**What is needed**.
Find every line below that contains the word "screen" and copy it out.

*** Begin section ***

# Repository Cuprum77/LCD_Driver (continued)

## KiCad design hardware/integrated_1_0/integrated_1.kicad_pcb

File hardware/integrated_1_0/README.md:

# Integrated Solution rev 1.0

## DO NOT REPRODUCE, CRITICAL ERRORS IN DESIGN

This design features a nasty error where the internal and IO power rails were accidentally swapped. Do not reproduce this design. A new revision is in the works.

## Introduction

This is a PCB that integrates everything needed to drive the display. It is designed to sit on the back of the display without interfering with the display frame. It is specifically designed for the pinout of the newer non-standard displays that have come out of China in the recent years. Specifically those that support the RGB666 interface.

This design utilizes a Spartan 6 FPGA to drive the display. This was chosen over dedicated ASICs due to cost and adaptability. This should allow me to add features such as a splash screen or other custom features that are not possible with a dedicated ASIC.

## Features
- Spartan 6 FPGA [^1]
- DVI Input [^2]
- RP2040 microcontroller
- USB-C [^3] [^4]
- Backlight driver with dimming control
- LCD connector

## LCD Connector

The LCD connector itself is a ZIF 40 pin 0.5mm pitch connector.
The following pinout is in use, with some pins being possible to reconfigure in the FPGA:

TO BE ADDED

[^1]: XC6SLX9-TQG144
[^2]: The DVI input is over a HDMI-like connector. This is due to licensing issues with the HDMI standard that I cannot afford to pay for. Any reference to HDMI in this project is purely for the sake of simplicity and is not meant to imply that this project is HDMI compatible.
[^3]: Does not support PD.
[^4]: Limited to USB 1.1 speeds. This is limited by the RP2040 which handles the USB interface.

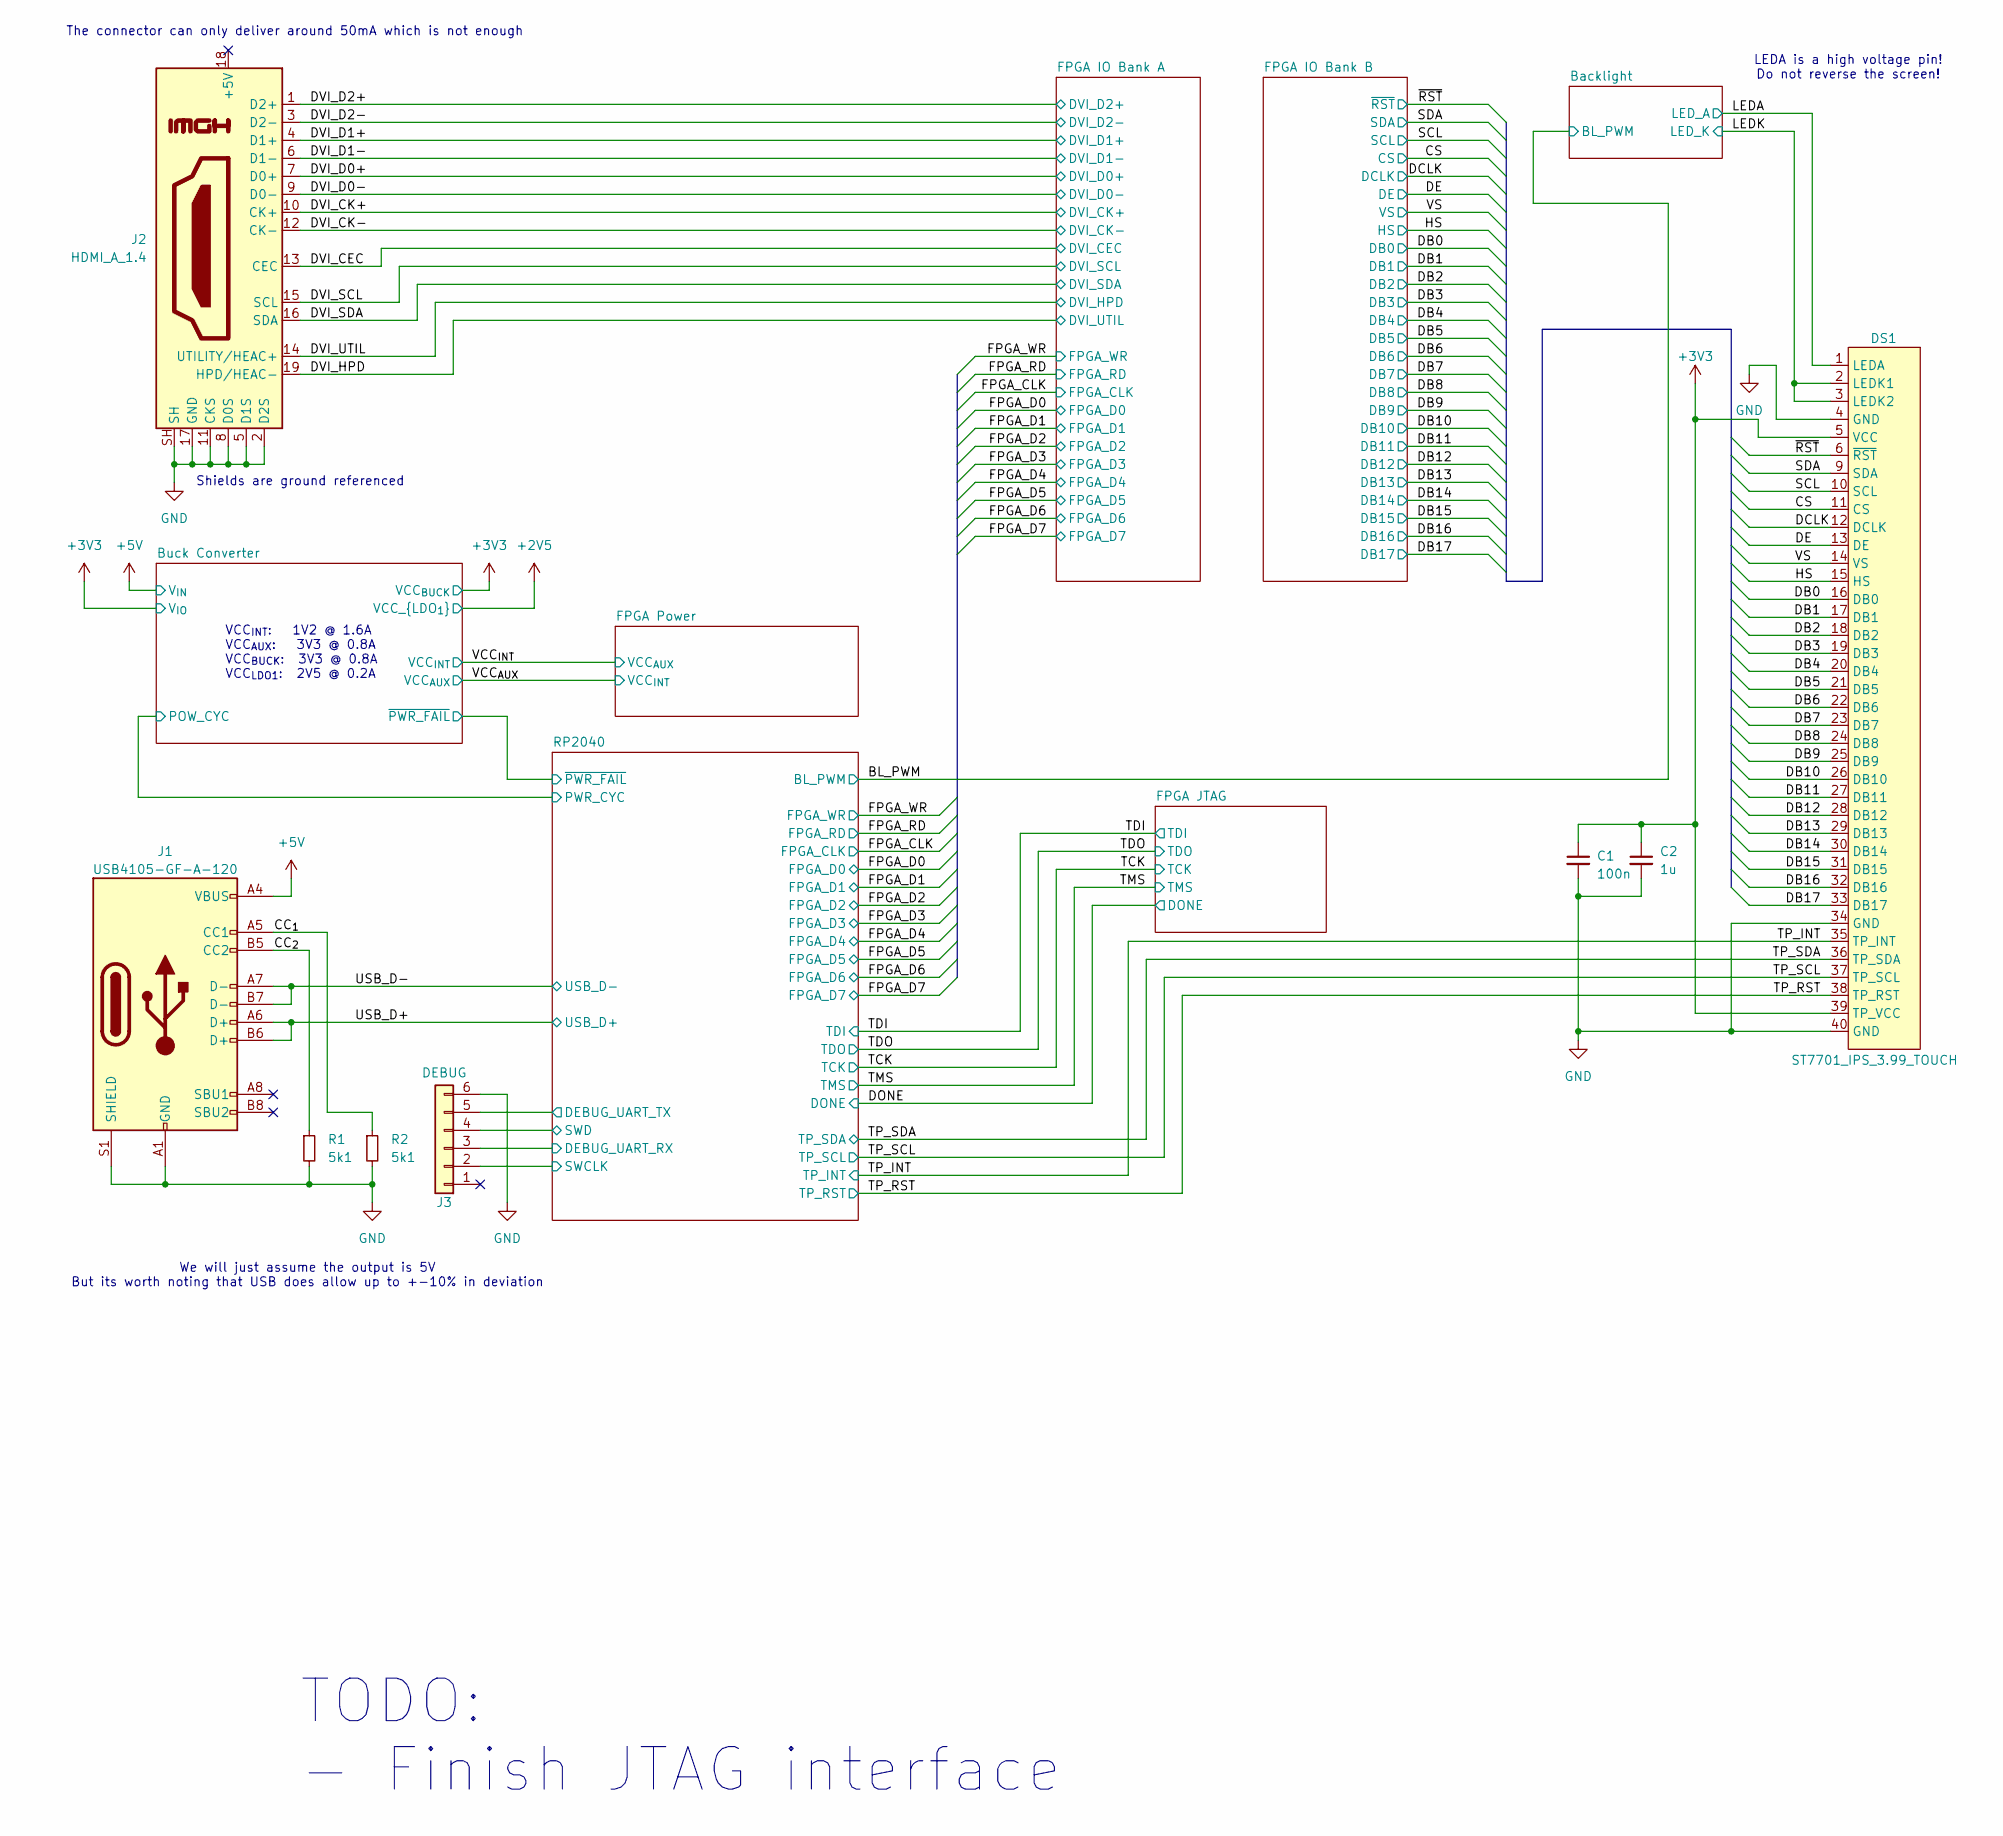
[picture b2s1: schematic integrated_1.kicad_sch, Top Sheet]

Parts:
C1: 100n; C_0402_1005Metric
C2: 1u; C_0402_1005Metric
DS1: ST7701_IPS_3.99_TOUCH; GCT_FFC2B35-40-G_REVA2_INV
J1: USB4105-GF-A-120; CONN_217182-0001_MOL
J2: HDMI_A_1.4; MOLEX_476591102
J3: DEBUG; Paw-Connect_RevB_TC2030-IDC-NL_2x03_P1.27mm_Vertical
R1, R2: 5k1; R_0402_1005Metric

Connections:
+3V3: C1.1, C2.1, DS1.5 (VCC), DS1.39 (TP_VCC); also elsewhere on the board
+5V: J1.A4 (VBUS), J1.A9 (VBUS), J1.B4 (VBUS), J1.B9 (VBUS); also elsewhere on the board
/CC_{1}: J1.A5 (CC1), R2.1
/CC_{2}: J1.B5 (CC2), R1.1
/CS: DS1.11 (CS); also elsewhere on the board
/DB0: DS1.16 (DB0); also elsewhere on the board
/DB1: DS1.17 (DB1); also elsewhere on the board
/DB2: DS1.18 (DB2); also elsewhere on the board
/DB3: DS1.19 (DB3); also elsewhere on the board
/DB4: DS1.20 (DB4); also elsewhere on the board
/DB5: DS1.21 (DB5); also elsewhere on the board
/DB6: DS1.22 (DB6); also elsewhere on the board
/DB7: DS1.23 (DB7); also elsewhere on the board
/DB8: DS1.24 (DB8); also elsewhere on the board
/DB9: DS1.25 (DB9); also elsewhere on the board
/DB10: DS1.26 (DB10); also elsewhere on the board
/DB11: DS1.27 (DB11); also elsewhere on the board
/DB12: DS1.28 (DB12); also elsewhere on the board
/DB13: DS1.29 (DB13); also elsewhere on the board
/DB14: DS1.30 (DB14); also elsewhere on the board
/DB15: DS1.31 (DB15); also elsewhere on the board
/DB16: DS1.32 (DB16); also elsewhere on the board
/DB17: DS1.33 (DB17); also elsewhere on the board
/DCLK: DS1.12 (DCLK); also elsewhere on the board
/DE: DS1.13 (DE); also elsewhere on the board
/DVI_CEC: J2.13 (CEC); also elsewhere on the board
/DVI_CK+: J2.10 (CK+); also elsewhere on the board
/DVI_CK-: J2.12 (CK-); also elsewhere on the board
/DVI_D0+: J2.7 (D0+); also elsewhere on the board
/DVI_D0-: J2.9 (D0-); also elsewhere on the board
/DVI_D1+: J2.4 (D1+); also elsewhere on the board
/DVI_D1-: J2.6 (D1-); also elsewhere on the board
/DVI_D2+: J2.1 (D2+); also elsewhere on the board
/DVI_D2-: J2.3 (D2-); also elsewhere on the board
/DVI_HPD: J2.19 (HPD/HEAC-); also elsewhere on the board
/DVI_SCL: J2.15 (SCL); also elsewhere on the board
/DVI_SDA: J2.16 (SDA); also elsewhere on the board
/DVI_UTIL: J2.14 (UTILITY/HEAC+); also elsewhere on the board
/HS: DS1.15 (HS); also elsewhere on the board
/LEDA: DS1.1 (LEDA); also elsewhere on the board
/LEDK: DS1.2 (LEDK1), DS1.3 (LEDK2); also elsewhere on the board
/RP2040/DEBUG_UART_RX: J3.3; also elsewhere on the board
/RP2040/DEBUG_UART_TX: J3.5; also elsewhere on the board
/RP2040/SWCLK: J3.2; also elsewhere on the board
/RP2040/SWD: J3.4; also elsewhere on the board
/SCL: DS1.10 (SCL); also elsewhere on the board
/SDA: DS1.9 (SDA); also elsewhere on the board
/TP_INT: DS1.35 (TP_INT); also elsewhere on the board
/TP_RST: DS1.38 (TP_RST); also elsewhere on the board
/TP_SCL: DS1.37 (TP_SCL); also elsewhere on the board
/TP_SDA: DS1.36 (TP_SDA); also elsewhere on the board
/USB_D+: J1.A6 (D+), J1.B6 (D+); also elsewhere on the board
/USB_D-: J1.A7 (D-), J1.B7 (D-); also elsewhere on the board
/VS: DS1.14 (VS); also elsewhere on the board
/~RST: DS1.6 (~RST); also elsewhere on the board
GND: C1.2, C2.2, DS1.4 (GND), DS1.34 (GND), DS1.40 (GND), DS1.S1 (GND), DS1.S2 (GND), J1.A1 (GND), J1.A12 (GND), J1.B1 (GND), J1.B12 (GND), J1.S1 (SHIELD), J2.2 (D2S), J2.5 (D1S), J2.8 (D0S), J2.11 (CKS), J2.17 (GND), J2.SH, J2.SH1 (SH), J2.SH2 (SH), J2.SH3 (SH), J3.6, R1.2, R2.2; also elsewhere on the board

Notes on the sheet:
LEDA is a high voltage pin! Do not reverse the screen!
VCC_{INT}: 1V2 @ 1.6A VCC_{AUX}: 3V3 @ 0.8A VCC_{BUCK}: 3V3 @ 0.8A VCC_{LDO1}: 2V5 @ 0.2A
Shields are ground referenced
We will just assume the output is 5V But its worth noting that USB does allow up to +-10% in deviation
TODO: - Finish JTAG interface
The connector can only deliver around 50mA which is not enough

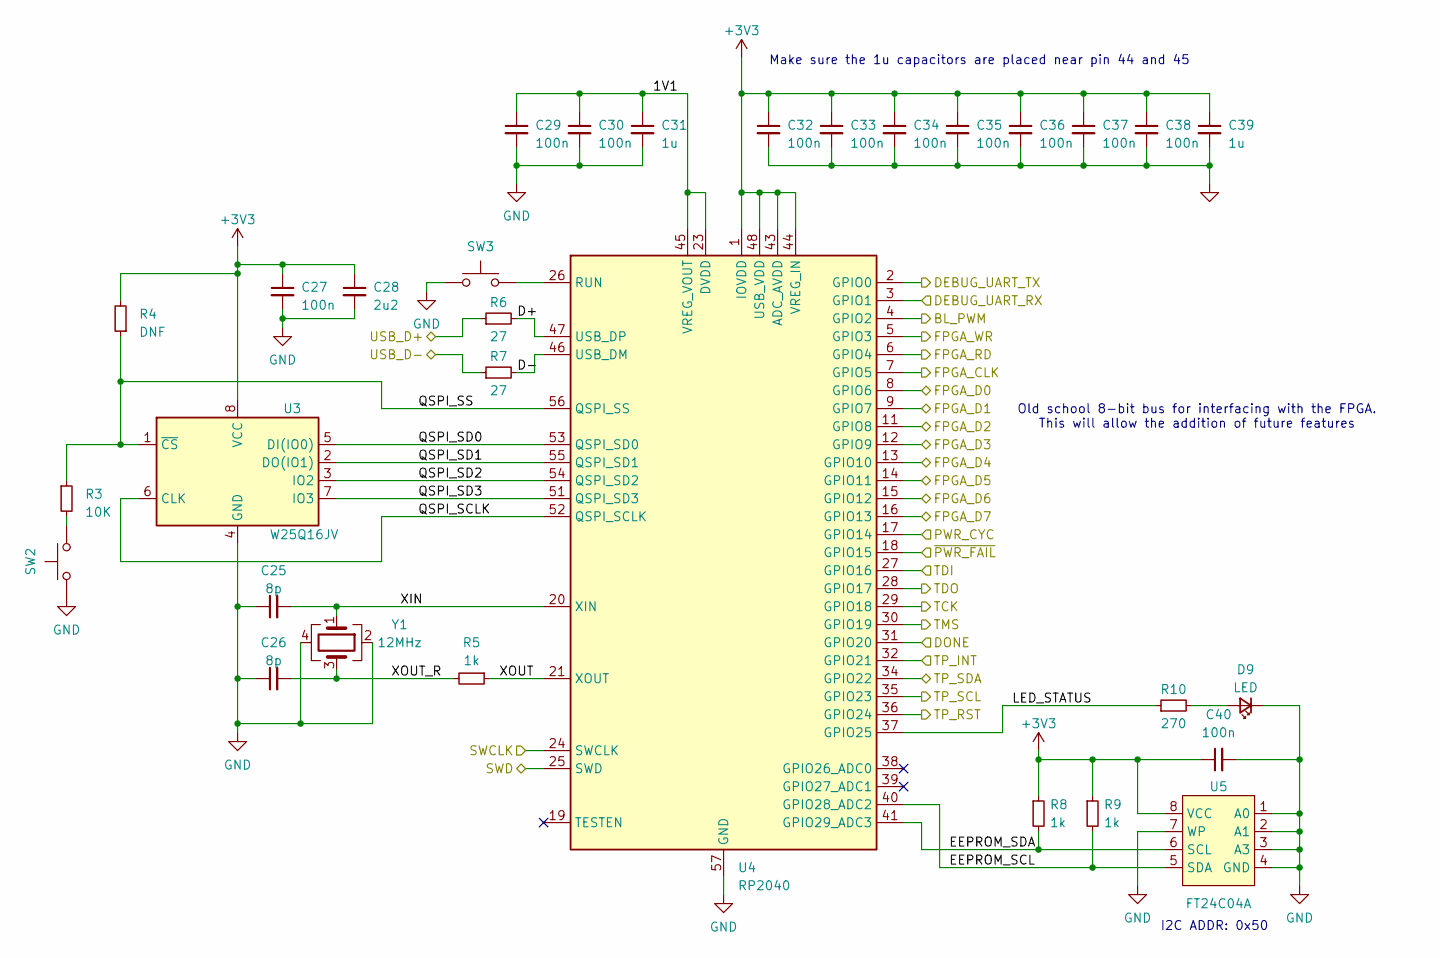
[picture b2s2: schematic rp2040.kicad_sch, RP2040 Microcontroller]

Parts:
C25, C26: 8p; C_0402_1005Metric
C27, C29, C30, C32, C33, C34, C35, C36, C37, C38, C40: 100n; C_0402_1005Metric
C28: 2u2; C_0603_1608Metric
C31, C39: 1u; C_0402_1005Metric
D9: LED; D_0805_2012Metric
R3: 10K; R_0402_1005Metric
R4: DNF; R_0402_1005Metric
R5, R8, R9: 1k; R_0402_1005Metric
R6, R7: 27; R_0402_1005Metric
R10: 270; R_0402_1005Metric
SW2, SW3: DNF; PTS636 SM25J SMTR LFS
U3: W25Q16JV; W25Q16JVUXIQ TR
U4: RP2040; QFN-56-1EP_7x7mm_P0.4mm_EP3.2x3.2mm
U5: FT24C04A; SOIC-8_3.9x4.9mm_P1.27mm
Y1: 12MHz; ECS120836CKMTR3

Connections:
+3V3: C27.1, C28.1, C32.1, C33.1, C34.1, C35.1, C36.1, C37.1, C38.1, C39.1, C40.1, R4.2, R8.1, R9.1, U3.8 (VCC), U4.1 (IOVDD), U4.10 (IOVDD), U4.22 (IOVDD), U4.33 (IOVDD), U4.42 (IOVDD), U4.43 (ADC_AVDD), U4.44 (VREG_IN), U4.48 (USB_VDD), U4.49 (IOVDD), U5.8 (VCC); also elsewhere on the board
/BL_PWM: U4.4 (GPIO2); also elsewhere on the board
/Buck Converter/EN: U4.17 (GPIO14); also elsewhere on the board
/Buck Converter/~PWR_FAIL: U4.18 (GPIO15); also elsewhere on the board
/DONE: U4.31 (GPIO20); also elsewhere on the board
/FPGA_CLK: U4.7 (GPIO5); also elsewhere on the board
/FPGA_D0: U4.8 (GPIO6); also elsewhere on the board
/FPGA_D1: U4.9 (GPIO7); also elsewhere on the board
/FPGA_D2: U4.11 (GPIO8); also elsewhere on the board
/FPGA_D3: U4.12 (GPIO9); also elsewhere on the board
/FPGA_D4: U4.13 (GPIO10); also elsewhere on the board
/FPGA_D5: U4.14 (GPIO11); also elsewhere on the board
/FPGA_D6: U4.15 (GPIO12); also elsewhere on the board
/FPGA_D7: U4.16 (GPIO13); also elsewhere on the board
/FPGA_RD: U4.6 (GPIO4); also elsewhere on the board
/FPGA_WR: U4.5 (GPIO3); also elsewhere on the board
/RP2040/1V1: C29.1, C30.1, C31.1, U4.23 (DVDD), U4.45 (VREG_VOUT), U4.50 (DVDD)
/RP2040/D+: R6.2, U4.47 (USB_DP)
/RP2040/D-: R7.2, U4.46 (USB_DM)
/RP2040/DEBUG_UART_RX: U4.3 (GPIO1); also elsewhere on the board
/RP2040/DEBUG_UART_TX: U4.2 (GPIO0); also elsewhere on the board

*** End section ***

**Solution**.
This design utilizes a Spartan 6 FPGA to drive the display. This was chosen over dedicated ASICs due to cost and adaptability. This should allow me to add features such as a splash screen or other custom features that are not possible with a dedicated ASIC.
LEDA is a high voltage pin! Do not reverse the screen!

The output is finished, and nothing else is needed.